[Data items]
==================================================

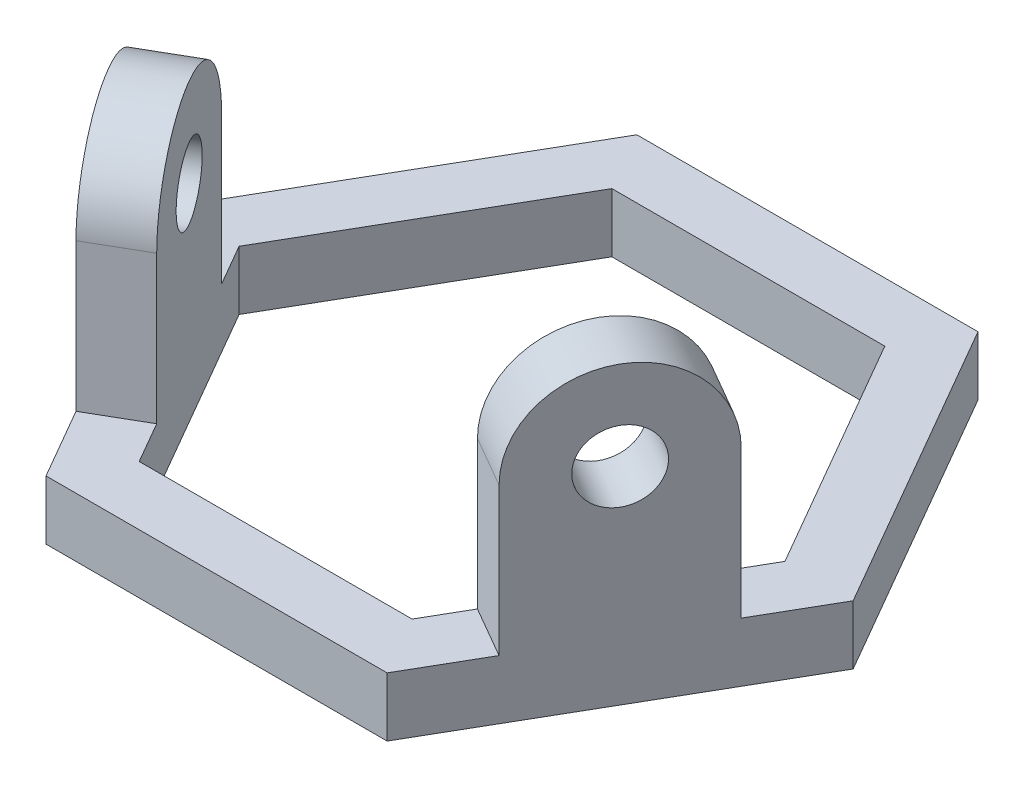
ISO-10303-21;
HEADER;
FILE_DESCRIPTION(('STEP AP214'),'2;1');
FILE_NAME('part.step','',(''),(''),'','','');
FILE_SCHEMA(('AUTOMOTIVE_DESIGN { 1 0 10303 214 1 1 1 1 }'));
ENDSEC;
DATA;
#1=APPLICATION_CONTEXT('core data for automotive mechanical design processes');
#2=APPLICATION_PROTOCOL_DEFINITION('international standard','automotive_design',2000,#1);
#3=PRODUCT_CONTEXT('',#1,'mechanical');
#4=PRODUCT('Part','Part','',(#3));
#5=PRODUCT_RELATED_PRODUCT_CATEGORY('part','',(#4));
#6=PRODUCT_DEFINITION_FORMATION('','',#4);
#7=PRODUCT_DEFINITION_CONTEXT('part definition',#1,'design');
#8=PRODUCT_DEFINITION('design','',#6,#7);
#9=PRODUCT_DEFINITION_SHAPE('','',#8);
#10=(LENGTH_UNIT() NAMED_UNIT(*) SI_UNIT(.MILLI.,.METRE.));
#11=(NAMED_UNIT(*) PLANE_ANGLE_UNIT() SI_UNIT($,.RADIAN.));
#12=(NAMED_UNIT(*) SI_UNIT($,.STERADIAN.) SOLID_ANGLE_UNIT());
#13=UNCERTAINTY_MEASURE_WITH_UNIT(LENGTH_MEASURE(1.E-05),#10,'distance_accuracy_value','');
#14=(GEOMETRIC_REPRESENTATION_CONTEXT(3) GLOBAL_UNCERTAINTY_ASSIGNED_CONTEXT((#13)) GLOBAL_UNIT_ASSIGNED_CONTEXT((#10,
#11,#12)) REPRESENTATION_CONTEXT('',''));
#15=CARTESIAN_POINT('',(0.,0.,0.));
#16=DIRECTION('',(0.,0.,1.));
#17=DIRECTION('',(1.,0.,0.));
#18=AXIS2_PLACEMENT_3D('',#15,#16,#17);
#19=CARTESIAN_POINT('',(0.,10.,0.));
#20=DIRECTION('',(0.,1.,0.));
#21=DIRECTION('',(0.,0.,1.));
#22=AXIS2_PLACEMENT_3D('',#19,#20,#21);
#23=PLANE('',#22);
#24=DIRECTION('',(0.5,0.,0.866025403784439));
#25=VECTOR('',#24,1.);
#26=CARTESIAN_POINT('',(-57.7350269189626,10.,0.));
#27=LINE('',#26,#25);
#28=CARTESIAN_POINT('',(-57.7350269189626,10.,0.));
#29=VERTEX_POINT('',#28);
#30=CARTESIAN_POINT('',(-50.801270189222,10.,12.0096189432334));
#31=VERTEX_POINT('',#30);
#32=EDGE_CURVE('E354',#29,#31,#27,.T.);
#33=ORIENTED_EDGE('',*,*,#32,.T.);
#34=DIRECTION('',(-0.866025403784438,0.,0.5));
#35=VECTOR('',#34,1.);
#36=CARTESIAN_POINT('',(-42.1410161513776,10.,7.00961894323344));
#37=LINE('',#36,#35);
#38=CARTESIAN_POINT('',(-42.1410161513776,10.,7.00961894323344));
#39=VERTEX_POINT('',#38);
#40=EDGE_CURVE('E224',#39,#31,#37,.T.);
#41=ORIENTED_EDGE('',*,*,#40,.F.);
#42=DIRECTION('',(0.5,0.,0.866025403784439));
#43=VECTOR('',#42,1.);
#44=CARTESIAN_POINT('',(-46.1880215351701,10.,0.));
#45=LINE('',#44,#43);
#46=CARTESIAN_POINT('',(-46.1880215351701,10.,0.));
#47=VERTEX_POINT('',#46);
#48=EDGE_CURVE('E289',#47,#39,#45,.T.);
#49=ORIENTED_EDGE('',*,*,#48,.F.);
#50=DIRECTION('',(-0.5,0.,0.866025403784439));
#51=VECTOR('',#50,1.);
#52=CARTESIAN_POINT('',(-23.094010767585,10.,-40.));
#53=LINE('',#52,#51);
#54=CARTESIAN_POINT('',(-23.094010767585,10.,-40.));
#55=VERTEX_POINT('',#54);
#56=EDGE_CURVE('E285',#55,#47,#53,.T.);
#57=ORIENTED_EDGE('',*,*,#56,.F.);
#58=DIRECTION('',(-1.,0.,0.));
#59=VECTOR('',#58,1.);
#60=CARTESIAN_POINT('',(23.094010767585,10.,-40.));
#61=LINE('',#60,#59);
#62=CARTESIAN_POINT('',(23.094010767585,10.,-40.));
#63=VERTEX_POINT('',#62);
#64=EDGE_CURVE('E282',#63,#55,#61,.T.);
#65=ORIENTED_EDGE('',*,*,#64,.F.);
#66=DIRECTION('',(-0.5,0.,-0.866025403784438));
#67=VECTOR('',#66,1.);
#68=CARTESIAN_POINT('',(46.1880215351701,10.,0.));
#69=LINE('',#68,#67);
#70=CARTESIAN_POINT('',(46.1880215351701,10.,0.));
#71=VERTEX_POINT('',#70);
#72=EDGE_CURVE('E278',#71,#63,#69,.T.);
#73=ORIENTED_EDGE('',*,*,#72,.F.);
#74=DIRECTION('',(0.5,0.,-0.866025403784439));
#75=VECTOR('',#74,1.);
#76=CARTESIAN_POINT('',(23.094010767585,10.,40.));
#77=LINE('',#76,#75);
#78=CARTESIAN_POINT('',(42.1410161513776,10.,7.00961894323344));
#79=VERTEX_POINT('',#78);
#80=EDGE_CURVE('E279',#79,#71,#77,.T.);
#81=ORIENTED_EDGE('',*,*,#80,.F.);
#82=DIRECTION('',(0.866025403784438,0.,0.5));
#83=VECTOR('',#82,1.);
#84=CARTESIAN_POINT('',(42.1410161513776,10.,7.00961894323344));
#85=LINE('',#84,#83);
#86=CARTESIAN_POINT('',(50.8012701892219,10.,12.0096189432334));
#87=VERTEX_POINT('',#86);
#88=EDGE_CURVE('E252',#79,#87,#85,.T.);
#89=ORIENTED_EDGE('',*,*,#88,.T.);
#90=DIRECTION('',(0.5,0.,-0.866025403784439));
#91=VECTOR('',#90,1.);
#92=CARTESIAN_POINT('',(28.8675134594813,10.,50.));
#93=LINE('',#92,#91);
#94=CARTESIAN_POINT('',(57.7350269189626,10.,0.));
#95=VERTEX_POINT('',#94);
#96=EDGE_CURVE('E344',#87,#95,#93,.T.);
#97=ORIENTED_EDGE('',*,*,#96,.T.);
#98=DIRECTION('',(-0.5,0.,-0.866025403784438));
#99=VECTOR('',#98,1.);
#100=CARTESIAN_POINT('',(57.7350269189626,10.,0.));
#101=LINE('',#100,#99);
#102=CARTESIAN_POINT('',(28.8675134594813,10.,-50.));
#103=VERTEX_POINT('',#102);
#104=EDGE_CURVE('E343',#95,#103,#101,.T.);
#105=ORIENTED_EDGE('',*,*,#104,.T.);
#106=DIRECTION('',(-1.,0.,0.));
#107=VECTOR('',#106,1.);
#108=CARTESIAN_POINT('',(28.8675134594813,10.,-50.));
#109=LINE('',#108,#107);
#110=CARTESIAN_POINT('',(-28.8675134594813,10.,-50.));
#111=VERTEX_POINT('',#110);
#112=EDGE_CURVE('E347',#103,#111,#109,.T.);
#113=ORIENTED_EDGE('',*,*,#112,.T.);
#114=DIRECTION('',(-0.5,0.,0.866025403784439));
#115=VECTOR('',#114,1.);
#116=CARTESIAN_POINT('',(-28.8675134594813,10.,-50.));
#117=LINE('',#116,#115);
#118=EDGE_CURVE('E350',#111,#29,#117,.T.);
#119=ORIENTED_EDGE('',*,*,#118,.T.);
#120=EDGE_LOOP('',(#33,#41,#49,#57,#65,#73,#81,#89,#97,#105,#113,#119));
#121=FACE_BOUND('',#120,.T.);
#122=ADVANCED_FACE('F45',(#121),#23,.T.);
#123=CARTESIAN_POINT('',(-27.1410161513776,10.,32.9903810567665));
#124=VERTEX_POINT('',#123);
#125=CARTESIAN_POINT('',(-23.094010767585,10.,40.));
#126=VERTEX_POINT('',#125);
#127=EDGE_CURVE('E288',#124,#126,#45,.T.);
#128=ORIENTED_EDGE('',*,*,#127,.F.);
#129=DIRECTION('',(-0.866025403784438,0.,0.5));
#130=VECTOR('',#129,1.);
#131=CARTESIAN_POINT('',(-27.1410161513776,10.,32.9903810567666));
#132=LINE('',#131,#130);
#133=CARTESIAN_POINT('',(-35.8012701892219,10.,37.9903810567666));
#134=VERTEX_POINT('',#133);
#135=EDGE_CURVE('E61',#124,#134,#132,.T.);
#136=ORIENTED_EDGE('',*,*,#135,.T.);
#137=CARTESIAN_POINT('',(-28.8675134594813,10.,50.));
#138=VERTEX_POINT('',#137);
#139=EDGE_CURVE('E353',#134,#138,#27,.T.);
#140=ORIENTED_EDGE('',*,*,#139,.T.);
#141=DIRECTION('',(1.,0.,0.));
#142=VECTOR('',#141,1.);
#143=CARTESIAN_POINT('',(-28.8675134594813,10.,50.));
#144=LINE('',#143,#142);
#145=CARTESIAN_POINT('',(28.8675134594813,10.,50.));
#146=VERTEX_POINT('',#145);
#147=EDGE_CURVE('E358',#138,#146,#144,.T.);
#148=ORIENTED_EDGE('',*,*,#147,.T.);
#149=CARTESIAN_POINT('',(35.8012701892219,10.,37.9903810567666));
#150=VERTEX_POINT('',#149);
#151=EDGE_CURVE('E339',#146,#150,#93,.T.);
#152=ORIENTED_EDGE('',*,*,#151,.T.);
#153=DIRECTION('',(0.866025403784438,0.,0.5));
#154=VECTOR('',#153,1.);
#155=CARTESIAN_POINT('',(27.1410161513776,10.,32.9903810567666));
#156=LINE('',#155,#154);
#157=CARTESIAN_POINT('',(27.1410161513776,10.,32.9903810567666));
#158=VERTEX_POINT('',#157);
#159=EDGE_CURVE('E262',#158,#150,#156,.T.);
#160=ORIENTED_EDGE('',*,*,#159,.F.);
#161=CARTESIAN_POINT('',(23.094010767585,10.,40.));
#162=VERTEX_POINT('',#161);
#163=EDGE_CURVE('E274',#162,#158,#77,.T.);
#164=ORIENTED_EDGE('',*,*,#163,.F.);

==================================================

Work request.
Print nothing but the lines from the one that contains "#122=ADVANCED_FACE('F45',(#121),#23,.T.);" to the final line of the data, both included, exactly as they read.

Solution to the problem.
#122=ADVANCED_FACE('F45',(#121),#23,.T.);
#123=CARTESIAN_POINT('',(-27.1410161513776,10.,32.9903810567665));
#124=VERTEX_POINT('',#123);
#125=CARTESIAN_POINT('',(-23.094010767585,10.,40.));
#126=VERTEX_POINT('',#125);
#127=EDGE_CURVE('E288',#124,#126,#45,.T.);
#128=ORIENTED_EDGE('',*,*,#127,.F.);
#129=DIRECTION('',(-0.866025403784438,0.,0.5));
#130=VECTOR('',#129,1.);
#131=CARTESIAN_POINT('',(-27.1410161513776,10.,32.9903810567666));
#132=LINE('',#131,#130);
#133=CARTESIAN_POINT('',(-35.8012701892219,10.,37.9903810567666));
#134=VERTEX_POINT('',#133);
#135=EDGE_CURVE('E61',#124,#134,#132,.T.);
#136=ORIENTED_EDGE('',*,*,#135,.T.);
#137=CARTESIAN_POINT('',(-28.8675134594813,10.,50.));
#138=VERTEX_POINT('',#137);
#139=EDGE_CURVE('E353',#134,#138,#27,.T.);
#140=ORIENTED_EDGE('',*,*,#139,.T.);
#141=DIRECTION('',(1.,0.,0.));
#142=VECTOR('',#141,1.);
#143=CARTESIAN_POINT('',(-28.8675134594813,10.,50.));
#144=LINE('',#143,#142);
#145=CARTESIAN_POINT('',(28.8675134594813,10.,50.));
#146=VERTEX_POINT('',#145);
#147=EDGE_CURVE('E358',#138,#146,#144,.T.);
#148=ORIENTED_EDGE('',*,*,#147,.T.);
#149=CARTESIAN_POINT('',(35.8012701892219,10.,37.9903810567666));
#150=VERTEX_POINT('',#149);
#151=EDGE_CURVE('E339',#146,#150,#93,.T.);
#152=ORIENTED_EDGE('',*,*,#151,.T.);
#153=DIRECTION('',(0.866025403784438,0.,0.5));
#154=VECTOR('',#153,1.);
#155=CARTESIAN_POINT('',(27.1410161513776,10.,32.9903810567666));
#156=LINE('',#155,#154);
#157=CARTESIAN_POINT('',(27.1410161513776,10.,32.9903810567666));
#158=VERTEX_POINT('',#157);
#159=EDGE_CURVE('E262',#158,#150,#156,.T.);
#160=ORIENTED_EDGE('',*,*,#159,.F.);
#161=CARTESIAN_POINT('',(23.094010767585,10.,40.));
#162=VERTEX_POINT('',#161);
#163=EDGE_CURVE('E274',#162,#158,#77,.T.);
#164=ORIENTED_EDGE('',*,*,#163,.F.);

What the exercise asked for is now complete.